On the third anniversary of the announcement of United States President Donald Trump’s Muslim ban, Democrats said on Monday that the House of Representatives will soon consider legislation that would repeal the travel ban and limit the president from imposing future restrictions based on religion.
House Speaker Nancy Pelosi said the House will consider the “NO BAN Act” which would overturn the ban and prevent the president from establishing future restrictions unless the administration provides strong evidence to justify it in consultation with Congress.
“House Democrats continue to stand opposed to President Trump’s cruel, un-American travel ban in all of its iterations. In the coming weeks, the House Judiciary Committee will mark up and bring to the floor the NO BAN Act to prohibit religious discrimination in our immigration system and limit the president’s ability to impose such biased and bigoted restrictions,” Pelosi said in a statement.
House Judiciary Committee Chairman Jerrold Nadler said on Monday that his panel would take up the bill in two weeks.
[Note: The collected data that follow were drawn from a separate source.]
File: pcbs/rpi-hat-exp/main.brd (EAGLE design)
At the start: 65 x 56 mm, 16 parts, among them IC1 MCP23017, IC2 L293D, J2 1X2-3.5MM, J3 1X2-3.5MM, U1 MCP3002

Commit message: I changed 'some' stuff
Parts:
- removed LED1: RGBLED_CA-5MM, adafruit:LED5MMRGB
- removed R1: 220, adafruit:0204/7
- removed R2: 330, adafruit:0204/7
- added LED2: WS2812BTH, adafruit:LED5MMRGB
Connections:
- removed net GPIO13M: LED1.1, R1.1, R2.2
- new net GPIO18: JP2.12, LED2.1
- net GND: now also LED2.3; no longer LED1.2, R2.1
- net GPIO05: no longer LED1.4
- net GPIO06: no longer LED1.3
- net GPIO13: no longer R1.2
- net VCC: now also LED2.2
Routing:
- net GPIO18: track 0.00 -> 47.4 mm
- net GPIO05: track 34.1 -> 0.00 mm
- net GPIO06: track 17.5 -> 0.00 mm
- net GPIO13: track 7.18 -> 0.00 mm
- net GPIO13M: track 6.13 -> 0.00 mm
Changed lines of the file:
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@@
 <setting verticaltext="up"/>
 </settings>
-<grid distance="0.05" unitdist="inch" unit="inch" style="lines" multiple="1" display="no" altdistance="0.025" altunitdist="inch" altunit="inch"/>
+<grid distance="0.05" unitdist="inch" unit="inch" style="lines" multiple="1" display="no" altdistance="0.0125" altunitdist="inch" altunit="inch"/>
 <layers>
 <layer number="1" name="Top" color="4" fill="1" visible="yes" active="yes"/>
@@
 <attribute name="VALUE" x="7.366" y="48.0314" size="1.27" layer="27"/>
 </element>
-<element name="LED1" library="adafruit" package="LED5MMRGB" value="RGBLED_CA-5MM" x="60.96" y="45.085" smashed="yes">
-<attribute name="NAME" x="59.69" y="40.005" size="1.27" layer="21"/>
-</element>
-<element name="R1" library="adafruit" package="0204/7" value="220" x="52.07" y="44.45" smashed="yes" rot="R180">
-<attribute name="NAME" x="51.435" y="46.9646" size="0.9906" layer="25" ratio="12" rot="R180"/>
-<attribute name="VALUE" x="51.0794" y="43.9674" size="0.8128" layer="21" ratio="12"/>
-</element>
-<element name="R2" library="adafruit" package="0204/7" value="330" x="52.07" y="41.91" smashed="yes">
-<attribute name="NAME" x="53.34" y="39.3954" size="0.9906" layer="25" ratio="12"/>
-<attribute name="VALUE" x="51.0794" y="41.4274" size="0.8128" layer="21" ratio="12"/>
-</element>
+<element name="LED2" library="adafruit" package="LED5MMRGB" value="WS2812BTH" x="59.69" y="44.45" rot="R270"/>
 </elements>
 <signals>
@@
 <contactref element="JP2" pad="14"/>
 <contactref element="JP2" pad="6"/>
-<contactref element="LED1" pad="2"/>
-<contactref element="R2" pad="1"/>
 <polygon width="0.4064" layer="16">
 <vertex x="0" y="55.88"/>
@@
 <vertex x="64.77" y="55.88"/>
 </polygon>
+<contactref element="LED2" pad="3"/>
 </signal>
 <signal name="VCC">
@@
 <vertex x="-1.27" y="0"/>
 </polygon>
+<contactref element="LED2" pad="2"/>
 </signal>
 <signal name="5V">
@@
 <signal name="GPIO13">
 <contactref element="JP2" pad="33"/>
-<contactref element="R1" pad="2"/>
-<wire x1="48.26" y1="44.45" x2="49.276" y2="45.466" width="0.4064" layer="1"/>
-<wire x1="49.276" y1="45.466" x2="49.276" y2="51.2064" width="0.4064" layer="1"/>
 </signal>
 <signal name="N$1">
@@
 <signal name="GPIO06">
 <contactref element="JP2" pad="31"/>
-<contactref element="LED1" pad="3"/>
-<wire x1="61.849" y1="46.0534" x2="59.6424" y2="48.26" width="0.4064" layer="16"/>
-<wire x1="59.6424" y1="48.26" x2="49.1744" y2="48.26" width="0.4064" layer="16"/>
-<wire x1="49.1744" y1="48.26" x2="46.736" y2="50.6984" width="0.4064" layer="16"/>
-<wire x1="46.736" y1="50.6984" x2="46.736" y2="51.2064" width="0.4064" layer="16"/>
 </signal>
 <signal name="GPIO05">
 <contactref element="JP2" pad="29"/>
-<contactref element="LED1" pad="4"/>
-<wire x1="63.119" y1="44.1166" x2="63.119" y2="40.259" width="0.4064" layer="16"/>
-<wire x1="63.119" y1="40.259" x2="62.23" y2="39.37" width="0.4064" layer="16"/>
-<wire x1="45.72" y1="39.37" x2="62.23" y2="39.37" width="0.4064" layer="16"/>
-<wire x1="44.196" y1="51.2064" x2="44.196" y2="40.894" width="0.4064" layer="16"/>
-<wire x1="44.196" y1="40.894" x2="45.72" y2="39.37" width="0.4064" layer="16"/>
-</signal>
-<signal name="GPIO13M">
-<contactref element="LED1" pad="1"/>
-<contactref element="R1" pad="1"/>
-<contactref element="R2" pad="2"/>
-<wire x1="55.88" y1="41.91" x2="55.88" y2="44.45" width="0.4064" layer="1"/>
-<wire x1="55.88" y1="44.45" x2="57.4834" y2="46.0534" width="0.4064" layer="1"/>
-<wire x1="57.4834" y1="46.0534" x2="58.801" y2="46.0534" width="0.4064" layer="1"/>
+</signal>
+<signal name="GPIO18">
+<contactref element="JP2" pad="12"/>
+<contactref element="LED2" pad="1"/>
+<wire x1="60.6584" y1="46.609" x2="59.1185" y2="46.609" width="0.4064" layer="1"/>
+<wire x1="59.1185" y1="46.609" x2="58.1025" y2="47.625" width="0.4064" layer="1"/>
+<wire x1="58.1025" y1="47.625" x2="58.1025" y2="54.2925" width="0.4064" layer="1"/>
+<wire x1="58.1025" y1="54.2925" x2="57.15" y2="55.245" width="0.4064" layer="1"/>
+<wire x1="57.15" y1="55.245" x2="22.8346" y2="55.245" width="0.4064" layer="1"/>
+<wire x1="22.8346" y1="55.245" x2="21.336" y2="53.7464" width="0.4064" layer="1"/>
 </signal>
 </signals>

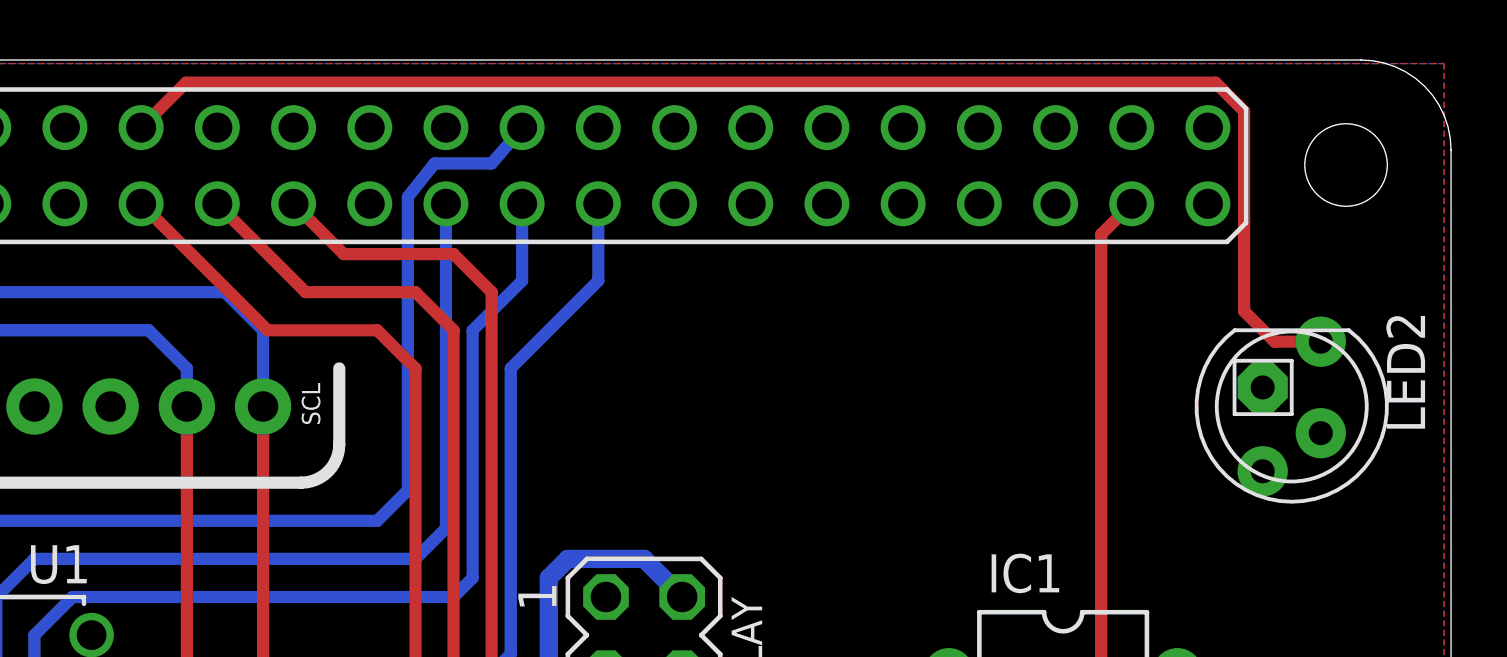
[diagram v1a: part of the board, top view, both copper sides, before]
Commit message: pump change wuhu $ board finalised
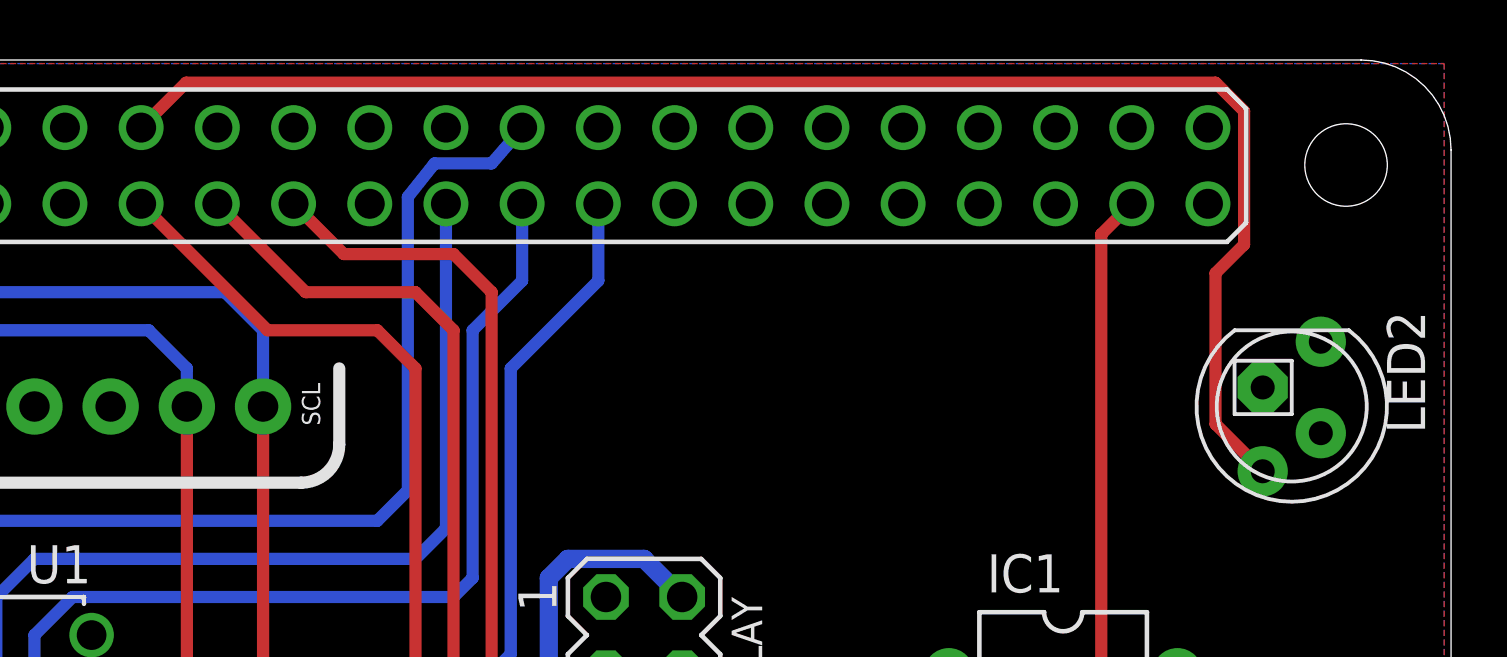
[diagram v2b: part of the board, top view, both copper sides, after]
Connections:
- net GND: now also LED2.2; no longer LED2.3
- net GPIO18: now also LED2.4; no longer LED2.1
- net VCC: now also LED2.3; no longer LED2.2
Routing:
- net GPIO18: track 47.4 -> 50.8 mm
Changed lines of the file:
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@@
 <?xml version="1.0" encoding="utf-8"?>
 <!DOCTYPE eagle SYSTEM "eagle.dtd">
-<eagle version="8.0.2">
+<eagle version="8.1.0">
 <drawing>
 <settings>
@@
 <layers>
 <layer number="1" name="Top" color="4" fill="1" visible="yes" active="yes"/>
+<layer number="2" name="Route2" color="1" fill="3" visible="no" active="yes"/>
+<layer number="3" name="Route3" color="4" fill="3" visible="no" active="yes"/>
+<layer number="4" name="Route4" color="1" fill="4" visible="no" active="yes"/>
+<layer number="5" name="Route5" color="4" fill="4" visible="no" active="yes"/>
+<layer number="6" name="Route6" color="1" fill="8" visible="no" active="yes"/>
+<layer number="7" name="Route7" color="4" fill="8" visible="no" active="yes"/>
+<layer number="8" name="Route8" color="1" fill="2" visible="no" active="yes"/>
+<layer number="9" name="Route9" color="4" fill="2" visible="no" active="yes"/>
+<layer number="10" name="Route10" color="1" fill="7" visible="no" active="yes"/>
+<layer number="11" name="Route11" color="4" fill="7" visible="no" active="yes"/>
+<layer number="12" name="Route12" color="1" fill="5" visible="no" active="yes"/>
+<layer number="13" name="Route13" color="4" fill="5" visible="no" active="yes"/>
+<layer number="14" name="Route14" color="1" fill="6" visible="no" active="yes"/>
+<layer number="15" name="Route15" color="4" fill="6" visible="no" active="yes"/>
 <layer number="16" name="Bottom" color="1" fill="1" visible="yes" active="yes"/>
 <layer number="17" name="Pads" color="2" fill="1" visible="yes" active="yes"/>
@@
 <vertex x="64.77" y="55.88"/>
 </polygon>
-<contactref element="LED2" pad="3"/>
+<contactref element="LED2" pad="2"/>
 </signal>
 <signal name="VCC">
@@
 <vertex x="-1.27" y="0"/>
 </polygon>
-<contactref element="LED2" pad="2"/>
+<contactref element="LED2" pad="3"/>
 </signal>
 <signal name="5V">
@@
 <signal name="GPIO18">
 <contactref element="JP2" pad="12"/>
-<contactref element="LED2" pad="1"/>
-<wire x1="60.6584" y1="46.609" x2="59.1185" y2="46.609" width="0.4064" layer="1"/>
-<wire x1="59.1185" y1="46.609" x2="58.1025" y2="47.625" width="0.4064" layer="1"/>
-<wire x1="58.1025" y1="47.625" x2="58.1025" y2="54.2925" width="0.4064" layer="1"/>
-<wire x1="58.1025" y1="54.2925" x2="57.15" y2="55.245" width="0.4064" layer="1"/>
-<wire x1="57.15" y1="55.245" x2="22.8346" y2="55.245" width="0.4064" layer="1"/>
+<contactref element="LED2" pad="4"/>
+<wire x1="22.8346" y1="55.245" x2="57.15" y2="55.245" width="0.4064" layer="1"/>
 <wire x1="22.8346" y1="55.245" x2="21.336" y2="53.7464" width="0.4064" layer="1"/>
+<wire x1="57.15" y1="55.245" x2="58.1025" y2="54.2925" width="0.4064" layer="1"/>
+<wire x1="58.1025" y1="54.2925" x2="58.1025" y2="49.8475" width="0.4064" layer="1"/>
+<wire x1="58.1025" y1="49.8475" x2="57.15" y2="48.895" width="0.4064" layer="1"/>
+<wire x1="57.15" y1="43.8626" x2="58.7216" y2="42.291" width="0.4064" layer="1"/>
+<wire x1="57.15" y1="48.895" x2="57.15" y2="43.8626" width="0.4064" layer="1"/>
 </signal>
 </signals>

The bill was introduced in April, and is supported by nearly 250 members of Congress and hundreds of civil rights, faith, national security and community organisations from across the country.
The bill has a chance of passing in the Democratic-led House, but faces an uphill battle in the Republican-controlled Senate.
In a news conference held outside the US Senate, Democratic Senator Chris Coons, one of the authors of the NO BAN Act denounced what he called the “intentional use of cruelty” in the Trump’s administration’s immigration policy and said the Muslim ban was based on “prejudice, populism and discrimination”, rather than fact or security considerations.
“Our whole effort in introducing this legislation and trying to move it forward is to say our Supreme Court got it wrong,” Coons told reporters.
Trump’s first travel ban, which targeted several Muslim-majority countries, was announced without warning on January 27, 2017, days after the president took office. It created outrage and led to chaos in airports across the country as hundreds of travellers were detained and thousands of previously issued visas to the US were revoked.
After lower court rulings invalidated the first two iterations, the Supreme Court on June 2018 upheld the third version of the ban which applied to citizens of five majority-Muslim nations – Iran, Libya, Somalia, Syria and Yemen – and put restrictions on some travellers from Venezuela and North Korea.
The current ban suspends immigrant and non-immigrant visas to applicants from the affected countries, but it allows exceptions, including for students and those who have established “significant contacts” in the US.
The move comes days after Trump confirmed he was planning on expanding the ban. Although he did not say which countries will be added, US media reported the expanded ban may include Belarus, Myanmar, Eritrea, Kyrgyzstan, Nigeria, Sudan and Tanzania.
Any expansion to the ban is expected to draw more legal challenges by rights groups who say the travel restrictions unfairly target Muslims, has separated families and prevented people from accessing vital education and healthcare in the US.
“Trump doesn’t just want a border wall, he’s creating an invisible wall keeping out people around the world based solely on their religion,” Congresswoman Ilhan Omar said at Monday’s news conference. “That is why we will keep fighting until we finally are able to repeal this Muslim ban and put this hateful policy in the waste pin of history where it belongs.”
Trump campaigned in 2016 on a promise to ban Muslim immigrants and refugees from entering the country.
He has made cracking down on immigration the focus of his presidency and it is a core topic for his re-election drive before the November 3 vote. He has pushed for the building of a border wall along the US’s southern border to prevent migrants and asylum seekers from entering through Mexico. – Al Jazeera.